-- Dataset items --
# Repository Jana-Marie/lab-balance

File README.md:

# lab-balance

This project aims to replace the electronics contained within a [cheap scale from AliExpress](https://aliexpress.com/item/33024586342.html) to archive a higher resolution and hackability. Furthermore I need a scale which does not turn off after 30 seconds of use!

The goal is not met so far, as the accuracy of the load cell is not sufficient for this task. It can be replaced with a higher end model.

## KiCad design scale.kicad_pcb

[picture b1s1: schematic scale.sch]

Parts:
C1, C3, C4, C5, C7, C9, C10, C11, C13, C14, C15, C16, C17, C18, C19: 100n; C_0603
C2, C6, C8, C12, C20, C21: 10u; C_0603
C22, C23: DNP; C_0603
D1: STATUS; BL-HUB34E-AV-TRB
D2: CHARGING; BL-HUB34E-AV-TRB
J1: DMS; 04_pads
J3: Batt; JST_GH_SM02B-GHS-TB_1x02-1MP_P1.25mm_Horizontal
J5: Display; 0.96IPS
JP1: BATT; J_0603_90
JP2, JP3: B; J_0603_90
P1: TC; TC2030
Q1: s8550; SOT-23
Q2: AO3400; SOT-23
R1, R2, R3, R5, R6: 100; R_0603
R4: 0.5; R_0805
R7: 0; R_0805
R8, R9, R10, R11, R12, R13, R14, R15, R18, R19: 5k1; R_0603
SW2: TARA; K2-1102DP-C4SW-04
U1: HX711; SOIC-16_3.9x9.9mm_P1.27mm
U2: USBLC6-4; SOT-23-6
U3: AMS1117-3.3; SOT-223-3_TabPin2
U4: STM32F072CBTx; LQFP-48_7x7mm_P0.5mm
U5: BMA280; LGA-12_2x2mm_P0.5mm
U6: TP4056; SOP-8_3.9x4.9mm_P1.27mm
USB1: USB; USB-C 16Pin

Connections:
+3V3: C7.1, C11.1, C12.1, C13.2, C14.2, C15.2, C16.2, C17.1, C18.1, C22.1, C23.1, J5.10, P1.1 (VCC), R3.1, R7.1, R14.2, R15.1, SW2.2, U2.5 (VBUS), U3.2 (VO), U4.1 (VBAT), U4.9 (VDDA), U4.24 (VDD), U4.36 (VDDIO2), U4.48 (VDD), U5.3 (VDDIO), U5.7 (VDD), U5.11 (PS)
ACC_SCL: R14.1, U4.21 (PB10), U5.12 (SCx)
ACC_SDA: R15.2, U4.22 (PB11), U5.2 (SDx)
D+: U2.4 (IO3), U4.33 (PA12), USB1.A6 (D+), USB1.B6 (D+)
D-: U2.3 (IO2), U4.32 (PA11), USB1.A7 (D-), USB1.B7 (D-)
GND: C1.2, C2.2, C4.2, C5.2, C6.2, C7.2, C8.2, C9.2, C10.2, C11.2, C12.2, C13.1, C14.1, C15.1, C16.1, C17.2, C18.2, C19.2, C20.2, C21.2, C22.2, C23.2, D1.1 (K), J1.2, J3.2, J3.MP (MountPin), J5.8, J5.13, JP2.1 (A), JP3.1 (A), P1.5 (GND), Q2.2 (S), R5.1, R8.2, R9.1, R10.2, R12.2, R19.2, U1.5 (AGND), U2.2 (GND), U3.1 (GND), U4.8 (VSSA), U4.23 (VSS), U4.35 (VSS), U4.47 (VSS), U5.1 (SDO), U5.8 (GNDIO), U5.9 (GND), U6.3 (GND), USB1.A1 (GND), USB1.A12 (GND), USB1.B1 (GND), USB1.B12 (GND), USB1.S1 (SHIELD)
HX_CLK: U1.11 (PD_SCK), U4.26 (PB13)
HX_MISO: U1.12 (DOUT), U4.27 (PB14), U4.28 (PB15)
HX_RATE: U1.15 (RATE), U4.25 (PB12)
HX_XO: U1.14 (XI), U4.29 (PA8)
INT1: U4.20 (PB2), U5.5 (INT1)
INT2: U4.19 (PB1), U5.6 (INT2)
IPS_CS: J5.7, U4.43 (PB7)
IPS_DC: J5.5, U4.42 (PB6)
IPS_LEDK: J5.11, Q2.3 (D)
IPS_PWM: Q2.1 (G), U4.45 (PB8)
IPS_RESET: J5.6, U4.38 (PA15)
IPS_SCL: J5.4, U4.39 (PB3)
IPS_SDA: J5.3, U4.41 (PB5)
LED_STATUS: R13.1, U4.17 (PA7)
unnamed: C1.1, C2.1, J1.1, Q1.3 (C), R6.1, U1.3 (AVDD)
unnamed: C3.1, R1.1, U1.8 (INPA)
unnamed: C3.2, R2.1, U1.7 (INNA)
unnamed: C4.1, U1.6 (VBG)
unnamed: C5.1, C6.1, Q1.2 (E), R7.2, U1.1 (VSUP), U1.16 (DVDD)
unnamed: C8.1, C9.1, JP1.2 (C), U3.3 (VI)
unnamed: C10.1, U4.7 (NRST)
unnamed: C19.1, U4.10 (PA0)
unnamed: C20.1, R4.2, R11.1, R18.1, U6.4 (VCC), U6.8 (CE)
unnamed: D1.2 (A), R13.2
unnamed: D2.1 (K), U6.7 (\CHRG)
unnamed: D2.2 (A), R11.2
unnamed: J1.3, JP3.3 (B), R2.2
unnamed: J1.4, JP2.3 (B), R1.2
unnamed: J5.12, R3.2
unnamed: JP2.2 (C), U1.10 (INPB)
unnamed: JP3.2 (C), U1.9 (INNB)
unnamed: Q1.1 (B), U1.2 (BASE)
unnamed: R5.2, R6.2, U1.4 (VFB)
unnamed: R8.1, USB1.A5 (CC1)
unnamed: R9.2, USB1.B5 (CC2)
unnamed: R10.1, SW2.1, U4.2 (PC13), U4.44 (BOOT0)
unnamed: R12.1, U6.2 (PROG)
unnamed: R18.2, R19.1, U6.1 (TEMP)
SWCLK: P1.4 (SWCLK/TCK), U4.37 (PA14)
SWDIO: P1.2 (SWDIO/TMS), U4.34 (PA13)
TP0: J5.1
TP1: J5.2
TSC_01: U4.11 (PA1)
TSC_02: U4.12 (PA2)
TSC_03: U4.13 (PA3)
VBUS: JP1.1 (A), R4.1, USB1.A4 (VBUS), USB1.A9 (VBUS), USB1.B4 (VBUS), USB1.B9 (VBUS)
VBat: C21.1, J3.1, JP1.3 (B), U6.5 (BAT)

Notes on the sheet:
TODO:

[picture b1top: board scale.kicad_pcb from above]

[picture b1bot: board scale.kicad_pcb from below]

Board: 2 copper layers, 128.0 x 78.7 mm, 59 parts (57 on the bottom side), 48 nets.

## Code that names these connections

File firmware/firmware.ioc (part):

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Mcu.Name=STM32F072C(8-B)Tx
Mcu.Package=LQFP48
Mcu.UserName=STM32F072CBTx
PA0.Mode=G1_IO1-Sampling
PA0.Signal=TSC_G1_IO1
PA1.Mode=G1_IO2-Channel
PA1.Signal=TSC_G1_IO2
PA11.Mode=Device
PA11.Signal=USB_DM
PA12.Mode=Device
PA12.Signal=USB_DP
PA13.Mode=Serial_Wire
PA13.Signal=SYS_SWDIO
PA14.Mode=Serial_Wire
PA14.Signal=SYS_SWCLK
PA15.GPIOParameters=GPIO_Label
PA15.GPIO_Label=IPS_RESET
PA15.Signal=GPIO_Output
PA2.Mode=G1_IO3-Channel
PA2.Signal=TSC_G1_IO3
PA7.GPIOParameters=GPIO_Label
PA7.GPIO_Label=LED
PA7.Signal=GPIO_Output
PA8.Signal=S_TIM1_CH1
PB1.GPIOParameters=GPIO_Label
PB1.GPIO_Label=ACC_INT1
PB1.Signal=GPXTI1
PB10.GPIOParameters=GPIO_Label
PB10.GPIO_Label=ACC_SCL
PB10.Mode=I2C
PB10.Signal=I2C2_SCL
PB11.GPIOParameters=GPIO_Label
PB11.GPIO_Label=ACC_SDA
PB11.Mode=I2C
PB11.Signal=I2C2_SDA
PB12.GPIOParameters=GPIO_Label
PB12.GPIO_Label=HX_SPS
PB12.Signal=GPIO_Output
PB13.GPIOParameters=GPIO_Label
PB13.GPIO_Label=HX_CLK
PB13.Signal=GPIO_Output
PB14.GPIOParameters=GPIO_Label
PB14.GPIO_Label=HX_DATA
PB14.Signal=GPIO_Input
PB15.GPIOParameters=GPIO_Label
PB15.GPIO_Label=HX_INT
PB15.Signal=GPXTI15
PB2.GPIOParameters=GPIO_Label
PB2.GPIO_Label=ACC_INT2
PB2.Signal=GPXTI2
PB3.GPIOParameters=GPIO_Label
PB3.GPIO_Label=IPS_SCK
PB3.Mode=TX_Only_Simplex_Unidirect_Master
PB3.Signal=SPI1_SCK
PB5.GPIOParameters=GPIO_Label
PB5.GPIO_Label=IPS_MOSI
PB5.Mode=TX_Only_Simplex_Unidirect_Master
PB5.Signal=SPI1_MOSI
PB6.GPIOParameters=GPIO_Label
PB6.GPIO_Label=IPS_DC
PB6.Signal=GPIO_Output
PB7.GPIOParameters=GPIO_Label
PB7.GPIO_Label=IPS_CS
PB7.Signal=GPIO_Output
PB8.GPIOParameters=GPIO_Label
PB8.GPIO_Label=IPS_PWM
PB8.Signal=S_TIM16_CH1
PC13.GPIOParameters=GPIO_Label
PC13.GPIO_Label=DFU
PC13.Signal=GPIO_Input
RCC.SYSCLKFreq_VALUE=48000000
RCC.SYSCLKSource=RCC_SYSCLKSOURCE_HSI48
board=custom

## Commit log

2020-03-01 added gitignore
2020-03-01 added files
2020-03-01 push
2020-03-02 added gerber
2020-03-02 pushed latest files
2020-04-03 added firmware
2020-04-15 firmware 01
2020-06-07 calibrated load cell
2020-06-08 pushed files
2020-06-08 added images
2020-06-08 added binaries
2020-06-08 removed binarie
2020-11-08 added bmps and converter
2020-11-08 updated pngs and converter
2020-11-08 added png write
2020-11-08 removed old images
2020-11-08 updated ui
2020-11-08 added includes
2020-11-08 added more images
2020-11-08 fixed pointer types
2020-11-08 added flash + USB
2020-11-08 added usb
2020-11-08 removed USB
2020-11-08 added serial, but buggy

-- Task to complete --
Each line from the one with "2020-11-08 removed old images" through the end of the entries above must be set down exactly, both end lines included, and no other line may appear.

-- Task output --
2020-11-08 removed old images
2020-11-08 updated ui
2020-11-08 added includes
2020-11-08 added more images
2020-11-08 fixed pointer types
2020-11-08 added flash + USB
2020-11-08 added usb
2020-11-08 removed USB
2020-11-08 added serial, but buggy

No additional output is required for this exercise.